Hmm. What you might do is get a good initial approximation with
Math.pow on double. Then use a Newton-Raphson to home in on a very
accurate value.
--
http://mindprod.com Java custom programming, consulting and coaching.

Roedy Green, Apr 20, 2006
14. ### Chris UppalGuest

Patricia Shanahan wrote:

> I'm a bit surprised by the use of exponentiation in this precise an
> environment. For example, I would have expected compound interest to be
> done a compounding period at a time, with the interest for each period
> rounded according to fixed rules, then added to the balance.

Another possibility is that "perfect" precision is not required for /this
particular/ calculation. For instance in the UK any offer of a loan must be
accompanied by (besides the exact statement of interest, etc) an indicator
figure which is supposed to make it easier for people to compare offers with
different conditions.

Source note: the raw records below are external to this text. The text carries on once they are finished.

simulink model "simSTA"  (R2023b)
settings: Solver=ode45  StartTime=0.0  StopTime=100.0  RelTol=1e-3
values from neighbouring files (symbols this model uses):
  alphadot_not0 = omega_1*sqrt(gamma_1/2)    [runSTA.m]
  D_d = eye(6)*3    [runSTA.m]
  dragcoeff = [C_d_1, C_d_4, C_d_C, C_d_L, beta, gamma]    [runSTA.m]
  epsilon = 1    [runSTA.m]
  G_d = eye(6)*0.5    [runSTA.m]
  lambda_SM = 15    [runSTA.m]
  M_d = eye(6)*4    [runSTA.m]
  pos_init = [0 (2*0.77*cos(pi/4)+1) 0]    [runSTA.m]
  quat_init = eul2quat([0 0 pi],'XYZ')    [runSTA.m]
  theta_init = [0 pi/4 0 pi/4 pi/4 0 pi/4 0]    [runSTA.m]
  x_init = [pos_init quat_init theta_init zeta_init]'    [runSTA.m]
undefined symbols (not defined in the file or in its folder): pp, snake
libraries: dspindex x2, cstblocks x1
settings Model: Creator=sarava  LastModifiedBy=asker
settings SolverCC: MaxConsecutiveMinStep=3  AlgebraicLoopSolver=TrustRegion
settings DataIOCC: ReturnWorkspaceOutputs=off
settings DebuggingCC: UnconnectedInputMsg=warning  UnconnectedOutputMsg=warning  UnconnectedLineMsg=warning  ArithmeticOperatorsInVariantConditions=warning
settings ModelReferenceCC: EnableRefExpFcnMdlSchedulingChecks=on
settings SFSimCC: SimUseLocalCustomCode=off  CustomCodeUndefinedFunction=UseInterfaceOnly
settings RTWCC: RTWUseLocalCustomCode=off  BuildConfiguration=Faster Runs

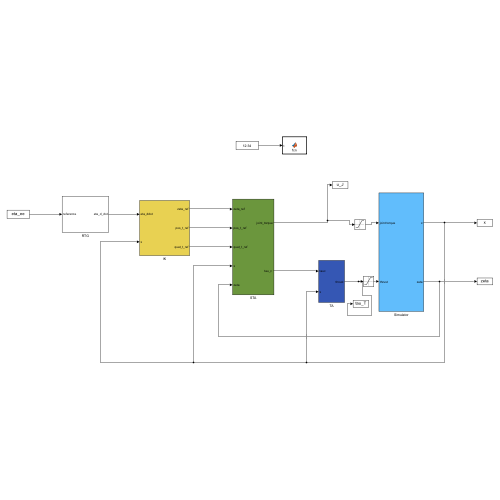
[thumbnail: Simulink's stored preview of the top-level diagram]
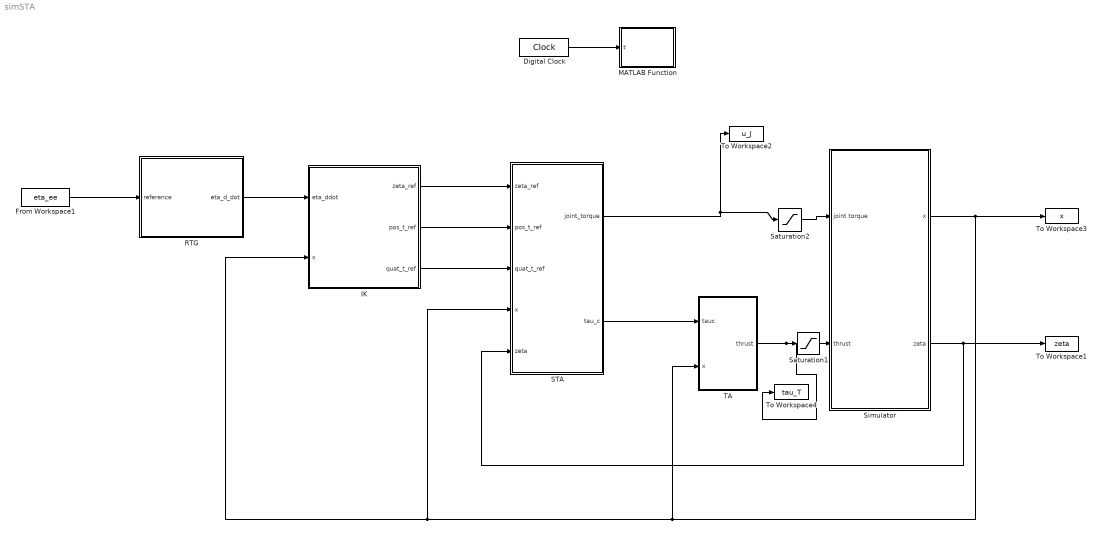
== system simSTA ==
  Digital Clock : DigitalClock
  From Workspace1 : FromWorkspace  VariableName=eta_ee
  IK : Subsystem
  MATLAB Function : MATLAB Function  TreatAsAtomicUnit=on
  RTG : Subsystem
  STA : Subsystem
  Saturation1 : Saturate  UpperLimit=20  LowerLimit=-20  ZeroCross=off
  Saturation2 : Saturate  UpperLimit=10  LowerLimit=-10  ZeroCross=off
  Simulator : Subsystem
  TA : Subsystem
  To Workspace1 : ToWorkspace  VariableName=zeta  SaveFormat=Timeseries  SampleTime=-1
  To Workspace2 : ToWorkspace  VariableName=u_J  SaveFormat=Timeseries  SampleTime=-1
  To Workspace3 : ToWorkspace  VariableName=x  SaveFormat=Timeseries  SampleTime=-1
  To Workspace4 : ToWorkspace  VariableName=tau_T  SaveFormat=Timeseries  SampleTime=-1
  wires:
  RTG/1(eta_d_dot) -> IK/1(eta_ddot)
  TA/1(thrust) -> To Workspace4/1, Saturation1/1
  Digital Clock/1 -> MATLAB Function/1(t)
  STA/1(joint_torque) -> Saturation2/1, To Workspace2/1
  From Workspace1/1 -> RTG/1(reference)
  STA/2("tau_c ") -> TA/1("tauc ")
  IK/1(zeta_ref) -> STA/1(zeta_ref)
  Simulator/2(zeta) -> STA/5("zeta "), To Workspace1/1
  IK/2(pos_t_ref) -> STA/2(pos_t_ref)
  Simulator/1(x) -> STA/4("x "), IK/2(x), TA/2("x "), To Workspace3/1
  IK/3(quat_t_ref) -> STA/3(quat_t_ref)
  Saturation2/1 -> Simulator/1(joint torque)
  Saturation1/1 -> Simulator/2(thrust)

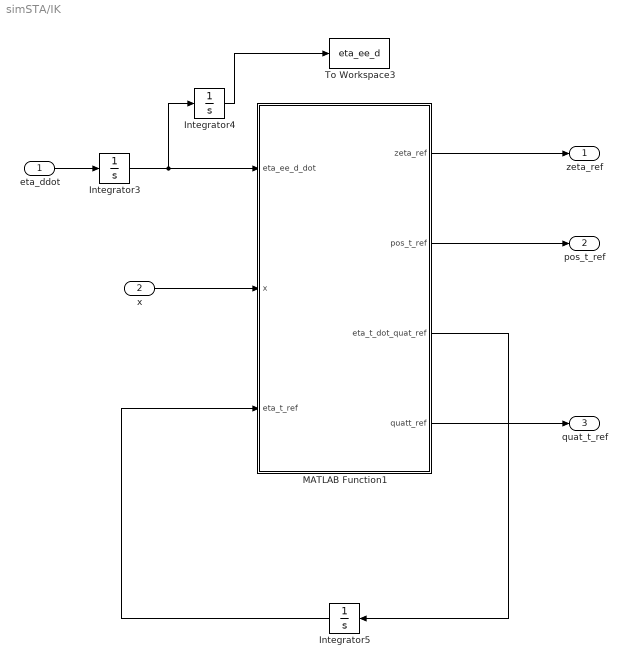
== system simSTA/IK ==
  eta_ddot : Inport
  x : Inport  Port=2
  Integrator3 : Integrator
  Integrator4 : Integrator
  Integrator5 : Integrator  InitialCondition=[pos_init quat_init]'
  MATLAB Function1 : MATLAB Function  TreatAsAtomicUnit=on
  To Workspace3 : ToWorkspace  VariableName=eta_ee_d  SaveFormat=Timeseries  SampleTime=-1
  zeta_ref : Outport  VectorParamsAs1DForOutWhenUnconnected=off
  pos_t_ref : Outport  Port=2  VectorParamsAs1DForOutWhenUnconnected=off
  quat_t_ref : Outport  Port=3  VectorParamsAs1DForOutWhenUnconnected=off
  wires:
  MATLAB Function1/1(zeta_ref) -> zeta_ref/1
  x/1 -> MATLAB Function1/2(x)
  MATLAB Function1/2(pos_t_ref) -> pos_t_ref/1
  MATLAB Function1/3(eta_t_dot_quat_ref) -> Integrator5/1
  Integrator4/1 -> To Workspace3/1
  Integrator5/1 -> MATLAB Function1/3(eta_t_ref)
  MATLAB Function1/4(quatt_ref) -> quat_t_ref/1
  eta_ddot/1 -> Integrator3/1
  Integrator3/1 -> Integrator4/1, MATLAB Function1/1(eta_ee_d_dot)

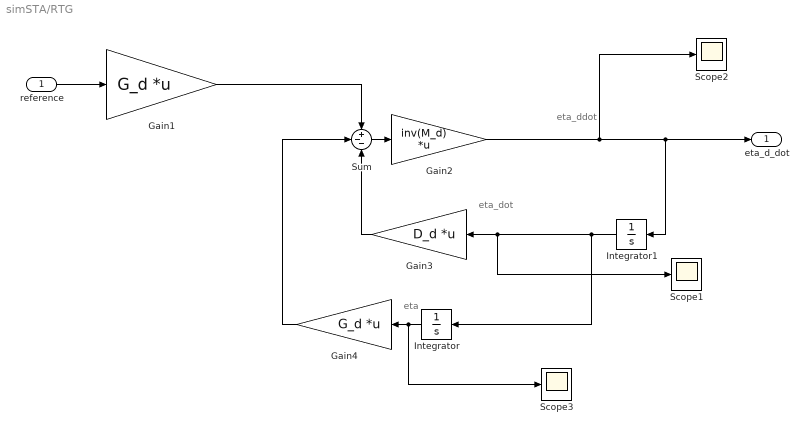
== system simSTA/RTG ==
  note: eta_dot
  note: eta
  note: eta_ddot
  reference : Inport
  Gain1 : Gain  Gain=G_d  Multiplication=Matrix(K*u) (u vector)
  Gain2 : Gain  Gain=inv(M_d)  Multiplication=Matrix(K*u) (u vector)
  Gain3 : Gain  Gain=D_d  Multiplication=Matrix(K*u) (u vector)
  Gain4 : Gain  Gain=G_d  Multiplication=Matrix(K*u) (u vector)
  Integrator : Integrator
  Integrator1 : Integrator
  Scope1 : Scope
  Scope2 : Scope
  Scope3 : Scope
  Sum : Sum  Inputs=+--
  eta_d_dot : Outport  VectorParamsAs1DForOutWhenUnconnected=off
  wires:
  Gain2/1 -> Scope2/1, eta_d_dot/1, Integrator1/1
  Gain1/1 -> Sum/1
  Sum/1 -> Gain2/1
  reference/1 -> Gain1/1
  Integrator1/1 -> Integrator/1, Scope1/1, Gain3/1
  Integrator/1 -> Scope3/1, Gain4/1
  Gain3/1 -> Sum/3
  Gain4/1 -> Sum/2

I forget the thing's name, and the rules for computing
it are complicated, but the point is that floating-point accuracy is entirely
adequate, even though it's a financial calculation.

-- chris

Chris Uppal, Apr 20, 2006
15. ### andyt

Joined:
Dec 16, 2010
Messages:
1
0
Implementation of BigDecimal to the power of BigDecimal

Hi,

I've just released a package with a method in for this, but for some reason the forum won't let me post a link until I have posted 50 messages, so I've mangled the URL. Hopefully you can decode it and find what you want:

http_www_geog_leeds_ac_uk/people/a.turner/src/andyt/java/generic/

I have released under LGPL, but could release with a different license if anyone has a problem with that.